# Task brief
Below are the entries to work from; restate word for word the portion that opens with the line containing "x/1 -> w^2/1, 1-x^2/1, Mux/1, XY Graph/1" and closes with the line containing "HX : Subsystem", keeping both.

# Record set
________________________

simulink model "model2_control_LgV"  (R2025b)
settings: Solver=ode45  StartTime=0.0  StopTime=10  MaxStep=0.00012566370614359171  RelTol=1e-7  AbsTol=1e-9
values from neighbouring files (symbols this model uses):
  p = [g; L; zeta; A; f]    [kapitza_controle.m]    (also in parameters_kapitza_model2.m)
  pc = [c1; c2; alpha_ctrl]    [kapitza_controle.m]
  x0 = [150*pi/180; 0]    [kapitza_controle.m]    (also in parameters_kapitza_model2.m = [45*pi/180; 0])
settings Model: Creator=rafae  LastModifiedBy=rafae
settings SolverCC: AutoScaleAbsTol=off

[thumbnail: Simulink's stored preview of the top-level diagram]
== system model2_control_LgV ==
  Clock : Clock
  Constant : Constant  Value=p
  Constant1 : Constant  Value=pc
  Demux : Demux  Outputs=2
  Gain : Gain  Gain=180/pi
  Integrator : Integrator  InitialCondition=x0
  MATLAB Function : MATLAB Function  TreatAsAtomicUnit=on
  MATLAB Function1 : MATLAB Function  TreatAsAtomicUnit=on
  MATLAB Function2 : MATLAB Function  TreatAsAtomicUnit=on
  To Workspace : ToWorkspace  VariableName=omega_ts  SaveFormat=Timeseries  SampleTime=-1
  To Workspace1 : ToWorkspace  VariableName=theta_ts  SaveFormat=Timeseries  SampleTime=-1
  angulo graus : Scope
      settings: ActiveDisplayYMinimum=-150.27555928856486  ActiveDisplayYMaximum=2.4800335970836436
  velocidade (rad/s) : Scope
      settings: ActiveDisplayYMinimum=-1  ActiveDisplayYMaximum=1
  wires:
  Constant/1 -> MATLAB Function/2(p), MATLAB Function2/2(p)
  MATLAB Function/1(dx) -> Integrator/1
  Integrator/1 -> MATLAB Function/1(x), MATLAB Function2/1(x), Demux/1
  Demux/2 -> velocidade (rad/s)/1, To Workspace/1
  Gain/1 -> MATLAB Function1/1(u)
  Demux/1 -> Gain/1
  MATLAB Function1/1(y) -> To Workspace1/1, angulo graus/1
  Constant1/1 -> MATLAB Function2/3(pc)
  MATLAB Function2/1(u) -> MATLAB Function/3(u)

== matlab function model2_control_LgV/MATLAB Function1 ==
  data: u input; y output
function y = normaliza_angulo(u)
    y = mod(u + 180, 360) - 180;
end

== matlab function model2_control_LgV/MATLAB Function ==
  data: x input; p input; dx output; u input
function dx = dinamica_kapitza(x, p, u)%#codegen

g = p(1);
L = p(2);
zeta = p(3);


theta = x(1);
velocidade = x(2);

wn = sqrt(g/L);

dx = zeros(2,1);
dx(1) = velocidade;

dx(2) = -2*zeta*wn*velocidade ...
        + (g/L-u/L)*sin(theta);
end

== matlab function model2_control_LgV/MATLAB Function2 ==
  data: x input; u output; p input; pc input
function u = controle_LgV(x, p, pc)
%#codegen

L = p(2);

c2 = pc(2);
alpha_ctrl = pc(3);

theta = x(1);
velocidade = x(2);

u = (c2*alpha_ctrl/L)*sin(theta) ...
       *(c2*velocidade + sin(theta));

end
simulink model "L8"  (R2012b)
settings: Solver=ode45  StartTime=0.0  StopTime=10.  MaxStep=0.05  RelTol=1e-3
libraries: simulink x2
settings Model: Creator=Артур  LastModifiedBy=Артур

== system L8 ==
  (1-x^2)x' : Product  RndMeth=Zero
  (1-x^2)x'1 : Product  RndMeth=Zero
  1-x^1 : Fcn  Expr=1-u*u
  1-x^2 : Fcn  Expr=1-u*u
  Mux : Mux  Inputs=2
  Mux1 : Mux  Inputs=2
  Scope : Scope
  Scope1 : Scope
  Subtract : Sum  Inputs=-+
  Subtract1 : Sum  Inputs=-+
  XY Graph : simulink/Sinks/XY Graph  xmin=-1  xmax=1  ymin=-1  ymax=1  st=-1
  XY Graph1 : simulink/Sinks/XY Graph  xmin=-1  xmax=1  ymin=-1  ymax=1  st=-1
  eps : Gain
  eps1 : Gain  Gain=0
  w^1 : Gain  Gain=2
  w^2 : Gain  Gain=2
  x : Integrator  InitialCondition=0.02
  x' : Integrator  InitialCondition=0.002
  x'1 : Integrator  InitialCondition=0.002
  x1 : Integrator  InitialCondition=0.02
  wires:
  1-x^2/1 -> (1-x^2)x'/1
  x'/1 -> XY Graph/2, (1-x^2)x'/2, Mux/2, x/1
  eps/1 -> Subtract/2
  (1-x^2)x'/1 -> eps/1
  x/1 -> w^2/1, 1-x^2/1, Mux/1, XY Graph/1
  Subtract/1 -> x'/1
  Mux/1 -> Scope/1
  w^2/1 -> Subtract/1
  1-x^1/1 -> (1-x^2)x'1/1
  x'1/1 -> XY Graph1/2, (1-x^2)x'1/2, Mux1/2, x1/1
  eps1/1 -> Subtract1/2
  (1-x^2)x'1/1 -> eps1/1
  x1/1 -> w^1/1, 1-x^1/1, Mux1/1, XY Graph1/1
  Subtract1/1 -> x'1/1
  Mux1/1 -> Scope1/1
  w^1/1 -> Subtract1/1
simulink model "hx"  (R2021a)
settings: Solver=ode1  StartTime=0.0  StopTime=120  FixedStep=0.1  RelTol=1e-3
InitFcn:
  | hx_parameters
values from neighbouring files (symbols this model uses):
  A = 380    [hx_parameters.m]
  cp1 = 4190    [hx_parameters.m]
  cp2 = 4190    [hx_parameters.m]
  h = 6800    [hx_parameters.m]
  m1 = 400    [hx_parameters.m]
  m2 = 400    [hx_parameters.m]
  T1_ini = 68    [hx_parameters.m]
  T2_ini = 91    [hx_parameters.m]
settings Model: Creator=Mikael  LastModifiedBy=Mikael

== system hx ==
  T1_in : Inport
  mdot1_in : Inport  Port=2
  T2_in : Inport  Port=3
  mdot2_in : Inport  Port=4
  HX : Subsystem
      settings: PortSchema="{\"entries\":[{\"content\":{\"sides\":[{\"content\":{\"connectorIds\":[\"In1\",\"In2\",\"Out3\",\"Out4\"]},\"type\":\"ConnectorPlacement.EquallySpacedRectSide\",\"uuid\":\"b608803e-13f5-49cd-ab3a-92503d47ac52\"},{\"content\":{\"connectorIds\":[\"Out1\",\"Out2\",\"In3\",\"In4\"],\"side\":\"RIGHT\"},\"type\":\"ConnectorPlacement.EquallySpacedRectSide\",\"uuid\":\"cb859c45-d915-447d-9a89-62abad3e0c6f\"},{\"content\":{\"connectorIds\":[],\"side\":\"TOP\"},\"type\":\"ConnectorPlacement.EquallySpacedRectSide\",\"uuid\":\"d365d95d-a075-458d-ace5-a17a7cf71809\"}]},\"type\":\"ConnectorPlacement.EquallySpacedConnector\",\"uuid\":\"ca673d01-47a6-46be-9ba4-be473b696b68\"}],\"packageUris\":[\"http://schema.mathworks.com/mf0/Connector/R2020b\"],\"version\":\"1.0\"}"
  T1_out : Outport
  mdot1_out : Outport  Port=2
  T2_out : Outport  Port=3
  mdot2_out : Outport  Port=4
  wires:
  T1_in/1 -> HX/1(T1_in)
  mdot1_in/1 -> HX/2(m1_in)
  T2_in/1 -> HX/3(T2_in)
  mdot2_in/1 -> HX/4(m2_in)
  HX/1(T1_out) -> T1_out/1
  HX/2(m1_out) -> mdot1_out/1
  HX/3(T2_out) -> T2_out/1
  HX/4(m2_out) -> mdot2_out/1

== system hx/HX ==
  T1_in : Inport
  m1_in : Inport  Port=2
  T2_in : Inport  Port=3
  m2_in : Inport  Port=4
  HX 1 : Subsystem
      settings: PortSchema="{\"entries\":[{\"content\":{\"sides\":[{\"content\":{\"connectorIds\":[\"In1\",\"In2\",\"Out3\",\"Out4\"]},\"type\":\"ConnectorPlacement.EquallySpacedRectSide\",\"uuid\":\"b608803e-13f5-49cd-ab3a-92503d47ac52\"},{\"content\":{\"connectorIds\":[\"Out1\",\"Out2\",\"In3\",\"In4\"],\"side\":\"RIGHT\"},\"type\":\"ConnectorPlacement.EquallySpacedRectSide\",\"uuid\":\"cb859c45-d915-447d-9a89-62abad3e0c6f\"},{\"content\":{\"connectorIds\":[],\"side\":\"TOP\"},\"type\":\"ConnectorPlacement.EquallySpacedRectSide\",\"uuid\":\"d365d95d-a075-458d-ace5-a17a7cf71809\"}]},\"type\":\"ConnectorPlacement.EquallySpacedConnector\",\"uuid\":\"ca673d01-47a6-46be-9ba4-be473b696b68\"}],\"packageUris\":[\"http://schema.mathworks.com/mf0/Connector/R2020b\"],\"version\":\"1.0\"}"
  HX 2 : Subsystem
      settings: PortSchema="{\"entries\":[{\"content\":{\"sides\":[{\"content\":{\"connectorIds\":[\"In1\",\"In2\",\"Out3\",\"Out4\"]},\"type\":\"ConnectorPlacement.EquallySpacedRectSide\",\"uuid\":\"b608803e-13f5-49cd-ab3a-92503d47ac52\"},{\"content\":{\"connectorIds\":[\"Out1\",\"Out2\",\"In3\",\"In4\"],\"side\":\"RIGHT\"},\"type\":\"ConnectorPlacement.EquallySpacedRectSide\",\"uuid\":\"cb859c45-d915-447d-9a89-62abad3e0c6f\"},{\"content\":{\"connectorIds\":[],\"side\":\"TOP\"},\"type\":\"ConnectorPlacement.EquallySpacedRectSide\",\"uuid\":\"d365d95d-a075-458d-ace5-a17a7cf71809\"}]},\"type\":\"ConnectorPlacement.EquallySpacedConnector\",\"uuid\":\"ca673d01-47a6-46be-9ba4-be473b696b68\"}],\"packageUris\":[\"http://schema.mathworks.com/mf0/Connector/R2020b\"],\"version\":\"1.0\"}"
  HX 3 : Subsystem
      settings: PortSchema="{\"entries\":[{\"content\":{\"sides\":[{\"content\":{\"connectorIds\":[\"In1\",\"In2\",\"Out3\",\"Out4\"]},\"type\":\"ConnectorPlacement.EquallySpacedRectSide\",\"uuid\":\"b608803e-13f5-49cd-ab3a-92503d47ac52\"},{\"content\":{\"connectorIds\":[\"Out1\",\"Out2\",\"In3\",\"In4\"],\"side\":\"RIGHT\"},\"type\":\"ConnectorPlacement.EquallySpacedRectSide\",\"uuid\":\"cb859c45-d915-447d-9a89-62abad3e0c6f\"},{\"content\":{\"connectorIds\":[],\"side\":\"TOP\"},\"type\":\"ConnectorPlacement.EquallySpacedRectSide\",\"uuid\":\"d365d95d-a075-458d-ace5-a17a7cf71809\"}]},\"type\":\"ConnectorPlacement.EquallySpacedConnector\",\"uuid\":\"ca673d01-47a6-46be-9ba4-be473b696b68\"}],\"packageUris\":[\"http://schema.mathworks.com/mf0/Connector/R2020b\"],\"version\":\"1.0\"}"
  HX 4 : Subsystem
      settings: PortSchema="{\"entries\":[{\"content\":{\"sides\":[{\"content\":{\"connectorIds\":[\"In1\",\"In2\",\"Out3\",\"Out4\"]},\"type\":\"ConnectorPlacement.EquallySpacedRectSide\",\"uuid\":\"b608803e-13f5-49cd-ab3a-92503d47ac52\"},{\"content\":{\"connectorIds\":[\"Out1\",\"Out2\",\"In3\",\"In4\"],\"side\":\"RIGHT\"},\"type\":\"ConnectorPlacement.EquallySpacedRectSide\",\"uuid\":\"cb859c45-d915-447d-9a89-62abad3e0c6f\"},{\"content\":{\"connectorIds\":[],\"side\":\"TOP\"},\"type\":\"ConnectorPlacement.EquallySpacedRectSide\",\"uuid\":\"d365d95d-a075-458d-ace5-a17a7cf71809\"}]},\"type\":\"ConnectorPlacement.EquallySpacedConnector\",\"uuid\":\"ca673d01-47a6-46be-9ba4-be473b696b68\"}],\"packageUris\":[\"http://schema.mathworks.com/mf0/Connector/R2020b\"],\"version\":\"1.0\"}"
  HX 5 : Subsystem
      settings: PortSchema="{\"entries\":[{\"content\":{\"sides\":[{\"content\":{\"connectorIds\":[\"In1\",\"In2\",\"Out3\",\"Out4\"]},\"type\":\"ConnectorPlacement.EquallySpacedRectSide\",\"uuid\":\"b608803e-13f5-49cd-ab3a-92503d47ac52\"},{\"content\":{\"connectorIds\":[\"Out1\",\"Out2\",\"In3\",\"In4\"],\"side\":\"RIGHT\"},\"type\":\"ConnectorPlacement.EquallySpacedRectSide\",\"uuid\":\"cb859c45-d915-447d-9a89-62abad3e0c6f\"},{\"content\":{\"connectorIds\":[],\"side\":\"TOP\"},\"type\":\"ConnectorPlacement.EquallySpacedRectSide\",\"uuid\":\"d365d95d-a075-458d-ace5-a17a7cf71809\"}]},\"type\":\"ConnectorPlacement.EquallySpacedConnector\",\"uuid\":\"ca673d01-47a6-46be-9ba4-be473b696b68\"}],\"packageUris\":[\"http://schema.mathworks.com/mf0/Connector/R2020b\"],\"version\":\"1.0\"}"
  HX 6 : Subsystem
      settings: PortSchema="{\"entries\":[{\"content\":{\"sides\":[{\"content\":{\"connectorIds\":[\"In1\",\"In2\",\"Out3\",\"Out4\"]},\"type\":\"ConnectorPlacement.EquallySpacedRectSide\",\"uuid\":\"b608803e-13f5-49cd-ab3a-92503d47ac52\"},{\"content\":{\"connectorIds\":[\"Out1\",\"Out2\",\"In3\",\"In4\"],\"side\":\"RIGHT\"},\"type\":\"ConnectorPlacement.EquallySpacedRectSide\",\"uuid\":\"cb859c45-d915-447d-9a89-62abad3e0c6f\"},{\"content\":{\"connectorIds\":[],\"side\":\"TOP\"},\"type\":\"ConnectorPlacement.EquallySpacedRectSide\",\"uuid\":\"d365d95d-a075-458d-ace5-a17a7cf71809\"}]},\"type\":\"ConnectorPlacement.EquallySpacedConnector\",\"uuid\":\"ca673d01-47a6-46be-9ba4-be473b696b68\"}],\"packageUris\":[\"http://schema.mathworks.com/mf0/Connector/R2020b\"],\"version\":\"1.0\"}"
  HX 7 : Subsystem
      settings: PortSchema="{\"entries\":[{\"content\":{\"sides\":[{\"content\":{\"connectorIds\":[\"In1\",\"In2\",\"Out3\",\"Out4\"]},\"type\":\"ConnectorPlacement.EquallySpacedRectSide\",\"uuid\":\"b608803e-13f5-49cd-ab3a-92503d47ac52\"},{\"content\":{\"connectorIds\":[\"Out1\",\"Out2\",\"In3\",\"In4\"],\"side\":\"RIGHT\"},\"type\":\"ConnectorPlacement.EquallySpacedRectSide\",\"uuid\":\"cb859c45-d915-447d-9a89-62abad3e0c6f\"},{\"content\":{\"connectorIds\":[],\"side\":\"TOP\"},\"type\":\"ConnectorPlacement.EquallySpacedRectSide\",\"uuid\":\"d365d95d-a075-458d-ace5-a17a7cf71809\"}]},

________________________

# Your response
  x/1 -> w^2/1, 1-x^2/1, Mux/1, XY Graph/1
  Subtract/1 -> x'/1
  Mux/1 -> Scope/1
  w^2/1 -> Subtract/1
  1-x^1/1 -> (1-x^2)x'1/1
  x'1/1 -> XY Graph1/2, (1-x^2)x'1/2, Mux1/2, x1/1
  eps1/1 -> Subtract1/2
  (1-x^2)x'1/1 -> eps1/1
  x1/1 -> w^1/1, 1-x^1/1, Mux1/1, XY Graph1/1
  Subtract1/1 -> x'1/1
  Mux1/1 -> Scope1/1
  w^1/1 -> Subtract1/1
simulink model "hx"  (R2021a)
settings: Solver=ode1  StartTime=0.0  StopTime=120  FixedStep=0.1  RelTol=1e-3
InitFcn:
  | hx_parameters
values from neighbouring files (symbols this model uses):
  A = 380    [hx_parameters.m]
  cp1 = 4190    [hx_parameters.m]
  cp2 = 4190    [hx_parameters.m]
  h = 6800    [hx_parameters.m]
  m1 = 400    [hx_parameters.m]
  m2 = 400    [hx_parameters.m]
  T1_ini = 68    [hx_parameters.m]
  T2_ini = 91    [hx_parameters.m]
settings Model: Creator=Mikael  LastModifiedBy=Mikael

== system hx ==
  T1_in : Inport
  mdot1_in : Inport  Port=2
  T2_in : Inport  Port=3
  mdot2_in : Inport  Port=4
  HX : Subsystem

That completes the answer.